Supplied data |
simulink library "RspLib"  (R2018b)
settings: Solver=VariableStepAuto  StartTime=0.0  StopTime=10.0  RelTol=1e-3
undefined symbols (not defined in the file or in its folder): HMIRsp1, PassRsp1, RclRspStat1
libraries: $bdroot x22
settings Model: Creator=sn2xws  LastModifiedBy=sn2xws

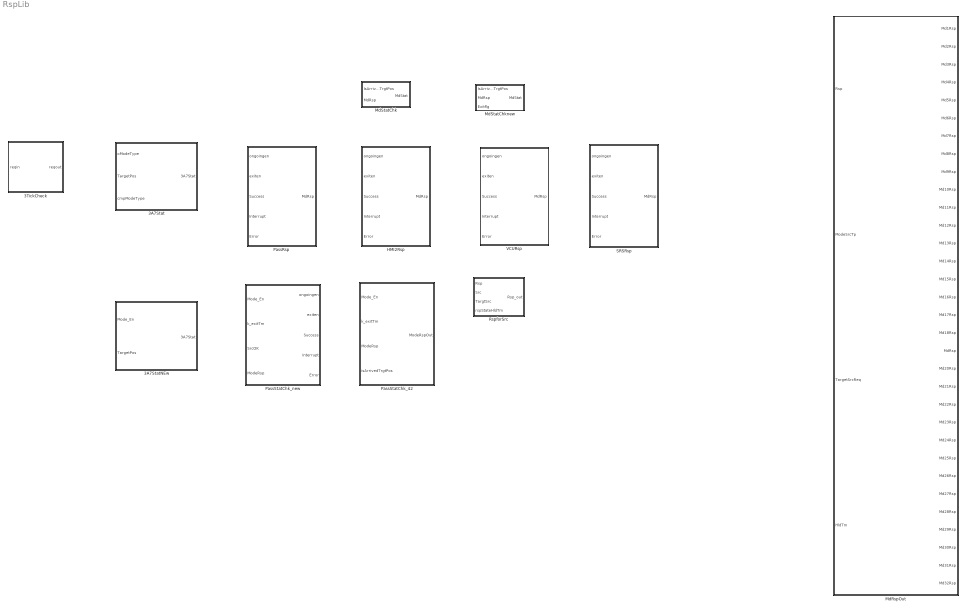
== system RspLib ==
  3A7Stat : Subsystem
  3A7StatNEw : Subsystem
  3TickCheck : Subsystem
  HMI2Rsp : Subsystem
  MdRspOut : Subsystem
  MdStatChk : Subsystem
  MdStatChknew : Subsystem
  PassRsp : Subsystem
  PassStatChk_42 : Stateflow chart  TreatAsAtomicUnit=on
  PassStatChk_new : Stateflow chart  TreatAsAtomicUnit=on
  RspforSrc : Subsystem
  SRSRsp : Subsystem
  VCURsp : Subsystem

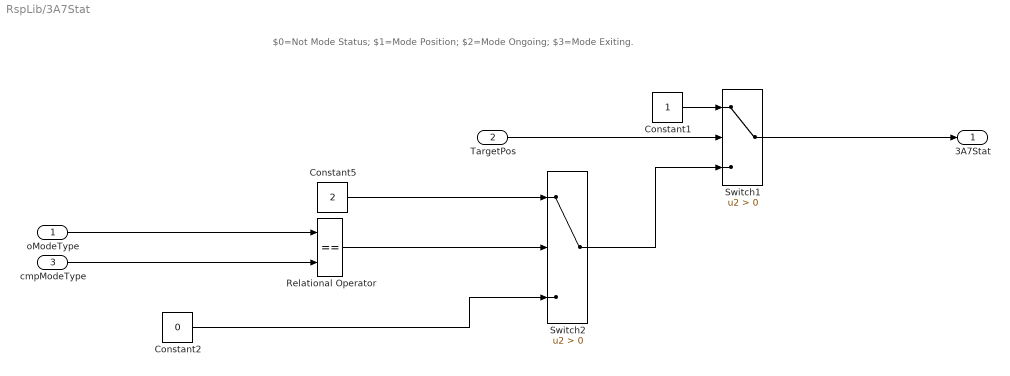
== system RspLib/3A7Stat ==
  note: $0=Not Mode Status; $1=Mode Position; $2=Mode Ongoing; $3=Mode Exiting.
  oModeType : Inport
  TargetPos : Inport  Port=2
  cmpModeType : Inport  Port=3
  Constant1 : Constant  OutDataTypeStr=uint8
  Constant2 : Constant  Value=0  OutDataTypeStr=uint8
  Constant5 : Constant  Value=2  OutDataTypeStr=uint8
  Relational Operator : RelationalOperator  Operator===  OutDataTypeStr=boolean  RndMeth=Simplest
  Switch1 : Switch  Criteria=u2 > Threshold
  Switch2 : Switch  Criteria=u2 > Threshold
  3A7Stat : Outport
  wires:
  Constant5/1 -> Switch2/1
  cmpModeType/1 -> Relational Operator/2
  TargetPos/1 -> Switch1/2
  Constant1/1 -> Switch1/1
  Relational Operator/1 -> Switch2/2
  oModeType/1 -> Relational Operator/1
  Switch1/1 -> 3A7Stat/1
  Constant2/1 -> Switch2/3
  Switch2/1 -> Switch1/3

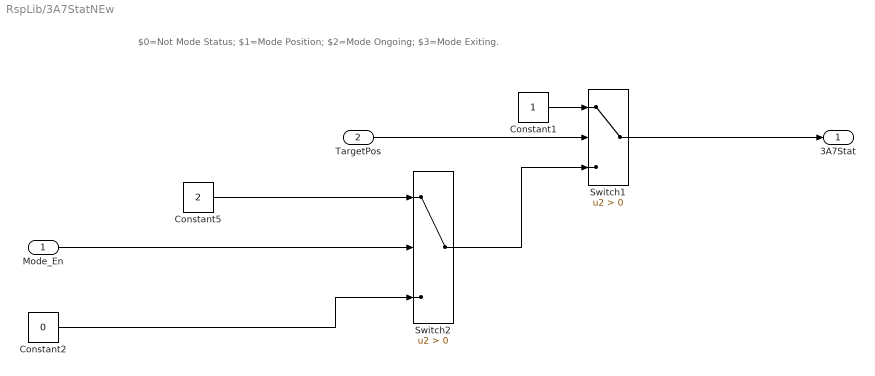
== system RspLib/3A7StatNEw ==
  note: $0=Not Mode Status; $1=Mode Position; $2=Mode Ongoing; $3=Mode Exiting.
  Mode_En : Inport
  TargetPos : Inport  Port=2
  Constant1 : Constant  OutDataTypeStr=uint8
  Constant2 : Constant  Value=0  OutDataTypeStr=uint8
  Constant5 : Constant  Value=2  OutDataTypeStr=uint8
  Switch1 : Switch  Criteria=u2 > Threshold
  Switch2 : Switch  Criteria=u2 > Threshold
  3A7Stat : Outport
  wires:
  Switch2/1 -> Switch1/3
  Constant2/1 -> Switch2/3
  Switch1/1 -> 3A7Stat/1
  Constant1/1 -> Switch1/1
  TargetPos/1 -> Switch1/2
  Constant5/1 -> Switch2/1
  Mode_En/1 -> Switch2/2

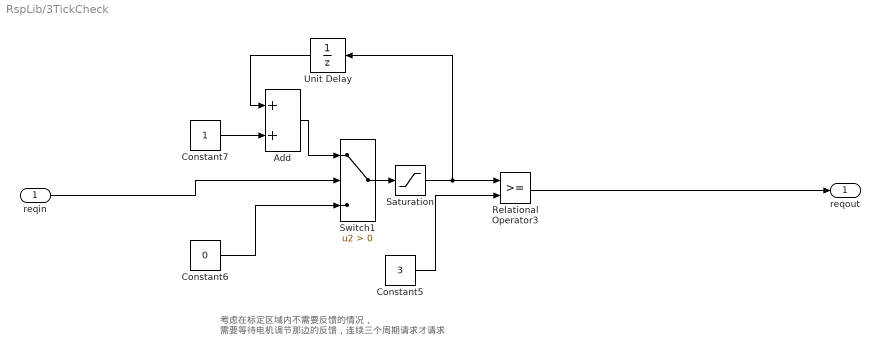
== system RspLib/3TickCheck ==
  note: 考虑在标定区域内不需要反馈的情况，
      | 需要等待电机调节那边的反馈，连续三个周期请求才请求
  reqin : Inport
  Add : Sum
  Constant5 : Constant  Value=3  OutDataTypeStr=uint8
  Constant6 : Constant  Value=0  OutDataTypeStr=uint8
  Constant7 : Constant  OutDataTypeStr=uint8
  Relational Operator3 : RelationalOperator  OutDataTypeStr=boolean  RndMeth=Simplest
  Saturation : Saturate  UpperLimit=3  LowerLimit=0  OutDataTypeStr=uint8
  Switch1 : Switch  Criteria=u2 > Threshold
  Unit Delay : UnitDelay  SampleTime=-1
  reqout : Outport
  wires:
  Unit Delay/1 -> Add/1
  Constant6/1 -> Switch1/3
  Constant5/1 -> Relational Operator3/2
  Constant7/1 -> Add/2
  Saturation/1 -> Unit Delay/1, Relational Operator3/1
  Add/1 -> Switch1/1
  Switch1/1 -> Saturation/1
  reqin/1 -> Switch1/2
  Relational Operator3/1 -> reqout/1

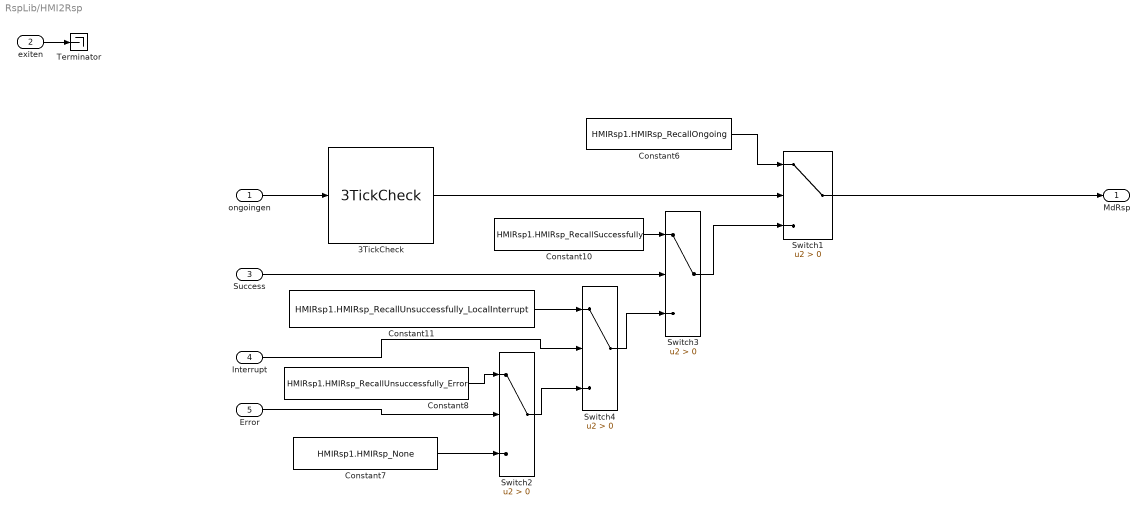
== system RspLib/HMI2Rsp ==
  ongoingen : Inport
  exiten : Inport  Port=2
  Success : Inport  Port=3
  Interrupt : Inport  Port=4
  Error : Inport  Port=5
  3TickCheck : $bdroot/3TickCheck  SystemSampleTime=-1
  Constant10 : Constant  Value=HMIRsp1.HMIRsp_RecallSuccessfully  OutDataTypeStr=Enum:HMIRsp1  SampleTime=-1
  Constant11 : Constant  Value=HMIRsp1.HMIRsp_RecallUnsuccessfully_LocalInterrupt  OutDataTypeStr=Enum:HMIRsp1  SampleTime=-1
  Constant6 : Constant  Value=HMIRsp1.HMIRsp_RecallOngoing  OutDataTypeStr=Enum:HMIRsp1  SampleTime=-1
  Constant7 : Constant  Value=HMIRsp1.HMIRsp_None  OutDataTypeStr=Enum:HMIRsp1  SampleTime=-1
  Constant8 : Constant  Value=HMIRsp1.HMIRsp_RecallUnsuccessfully_Error  OutDataTypeStr=Enum:HMIRsp1  SampleTime=-1
  Switch{1..4} (4 alike) : Switch  Criteria=u2 > Threshold
  Terminator : Terminator
  MdRsp : Outport  VectorParamsAs1DForOutWhenUnconnected=on
  wires:
  Constant10/1 -> Switch3/1
  Switch3/1 -> Switch1/3
  Switch1/1 -> MdRsp/1
  Constant6/1 -> Switch1/1
  Success/1 -> Switch3/2
  Switch2/1 -> Switch4/3
  Constant8/1 -> Switch2/1
  Constant11/1 -> Switch4/1
  Constant7/1 -> Switch2/3
  Switch4/1 -> Switch3/3
  ongoingen/1 -> 3TickCheck/1
  Interrupt/1 -> Switch4/2
  Error/1 -> Switch2/2
  exiten/1 -> Terminator/1
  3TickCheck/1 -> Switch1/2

Work instruction | Repeat every entry above precisely, leaving each picture out.

Response to this exercise |
simulink library "RspLib"  (R2018b)
settings: Solver=VariableStepAuto  StartTime=0.0  StopTime=10.0  RelTol=1e-3
undefined symbols (not defined in the file or in its folder): HMIRsp1, PassRsp1, RclRspStat1
libraries: $bdroot x22
settings Model: Creator=sn2xws  LastModifiedBy=sn2xws

== system RspLib ==
  3A7Stat : Subsystem
  3A7StatNEw : Subsystem
  3TickCheck : Subsystem
  HMI2Rsp : Subsystem
  MdRspOut : Subsystem
  MdStatChk : Subsystem
  MdStatChknew : Subsystem
  PassRsp : Subsystem
  PassStatChk_42 : Stateflow chart  TreatAsAtomicUnit=on
  PassStatChk_new : Stateflow chart  TreatAsAtomicUnit=on
  RspforSrc : Subsystem
  SRSRsp : Subsystem
  VCURsp : Subsystem

== system RspLib/3A7Stat ==
  note: $0=Not Mode Status; $1=Mode Position; $2=Mode Ongoing; $3=Mode Exiting.
  oModeType : Inport
  TargetPos : Inport  Port=2
  cmpModeType : Inport  Port=3
  Constant1 : Constant  OutDataTypeStr=uint8
  Constant2 : Constant  Value=0  OutDataTypeStr=uint8
  Constant5 : Constant  Value=2  OutDataTypeStr=uint8
  Relational Operator : RelationalOperator  Operator===  OutDataTypeStr=boolean  RndMeth=Simplest
  Switch1 : Switch  Criteria=u2 > Threshold
  Switch2 : Switch  Criteria=u2 > Threshold
  3A7Stat : Outport
  wires:
  Constant5/1 -> Switch2/1
  cmpModeType/1 -> Relational Operator/2
  TargetPos/1 -> Switch1/2
  Constant1/1 -> Switch1/1
  Relational Operator/1 -> Switch2/2
  oModeType/1 -> Relational Operator/1
  Switch1/1 -> 3A7Stat/1
  Constant2/1 -> Switch2/3
  Switch2/1 -> Switch1/3

== system RspLib/3A7StatNEw ==
  note: $0=Not Mode Status; $1=Mode Position; $2=Mode Ongoing; $3=Mode Exiting.
  Mode_En : Inport
  TargetPos : Inport  Port=2
  Constant1 : Constant  OutDataTypeStr=uint8
  Constant2 : Constant  Value=0  OutDataTypeStr=uint8
  Constant5 : Constant  Value=2  OutDataTypeStr=uint8
  Switch1 : Switch  Criteria=u2 > Threshold
  Switch2 : Switch  Criteria=u2 > Threshold
  3A7Stat : Outport
  wires:
  Switch2/1 -> Switch1/3
  Constant2/1 -> Switch2/3
  Switch1/1 -> 3A7Stat/1
  Constant1/1 -> Switch1/1
  TargetPos/1 -> Switch1/2
  Constant5/1 -> Switch2/1
  Mode_En/1 -> Switch2/2

== system RspLib/3TickCheck ==
  note: 考虑在标定区域内不需要反馈的情况，
      | 需要等待电机调节那边的反馈，连续三个周期请求才请求
  reqin : Inport
  Add : Sum
  Constant5 : Constant  Value=3  OutDataTypeStr=uint8
  Constant6 : Constant  Value=0  OutDataTypeStr=uint8
  Constant7 : Constant  OutDataTypeStr=uint8
  Relational Operator3 : RelationalOperator  OutDataTypeStr=boolean  RndMeth=Simplest
  Saturation : Saturate  UpperLimit=3  LowerLimit=0  OutDataTypeStr=uint8
  Switch1 : Switch  Criteria=u2 > Threshold
  Unit Delay : UnitDelay  SampleTime=-1
  reqout : Outport
  wires:
  Unit Delay/1 -> Add/1
  Constant6/1 -> Switch1/3
  Constant5/1 -> Relational Operator3/2
  Constant7/1 -> Add/2
  Saturation/1 -> Unit Delay/1, Relational Operator3/1
  Add/1 -> Switch1/1
  Switch1/1 -> Saturation/1
  reqin/1 -> Switch1/2
  Relational Operator3/1 -> reqout/1

== system RspLib/HMI2Rsp ==
  ongoingen : Inport
  exiten : Inport  Port=2
  Success : Inport  Port=3
  Interrupt : Inport  Port=4
  Error : Inport  Port=5
  3TickCheck : $bdroot/3TickCheck  SystemSampleTime=-1
  Constant10 : Constant  Value=HMIRsp1.HMIRsp_RecallSuccessfully  OutDataTypeStr=Enum:HMIRsp1  SampleTime=-1
  Constant11 : Constant  Value=HMIRsp1.HMIRsp_RecallUnsuccessfully_LocalInterrupt  OutDataTypeStr=Enum:HMIRsp1  SampleTime=-1
  Constant6 : Constant  Value=HMIRsp1.HMIRsp_RecallOngoing  OutDataTypeStr=Enum:HMIRsp1  SampleTime=-1
  Constant7 : Constant  Value=HMIRsp1.HMIRsp_None  OutDataTypeStr=Enum:HMIRsp1  SampleTime=-1
  Constant8 : Constant  Value=HMIRsp1.HMIRsp_RecallUnsuccessfully_Error  OutDataTypeStr=Enum:HMIRsp1  SampleTime=-1
  Switch{1..4} (4 alike) : Switch  Criteria=u2 > Threshold
  Terminator : Terminator
  MdRsp : Outport  VectorParamsAs1DForOutWhenUnconnected=on
  wires:
  Constant10/1 -> Switch3/1
  Switch3/1 -> Switch1/3
  Switch1/1 -> MdRsp/1
  Constant6/1 -> Switch1/1
  Success/1 -> Switch3/2
  Switch2/1 -> Switch4/3
  Constant8/1 -> Switch2/1
  Constant11/1 -> Switch4/1
  Constant7/1 -> Switch2/3
  Switch4/1 -> Switch3/3
  ongoingen/1 -> 3TickCheck/1
  Interrupt/1 -> Switch4/2
  Error/1 -> Switch2/2
  exiten/1 -> Terminator/1
  3TickCheck/1 -> Switch1/2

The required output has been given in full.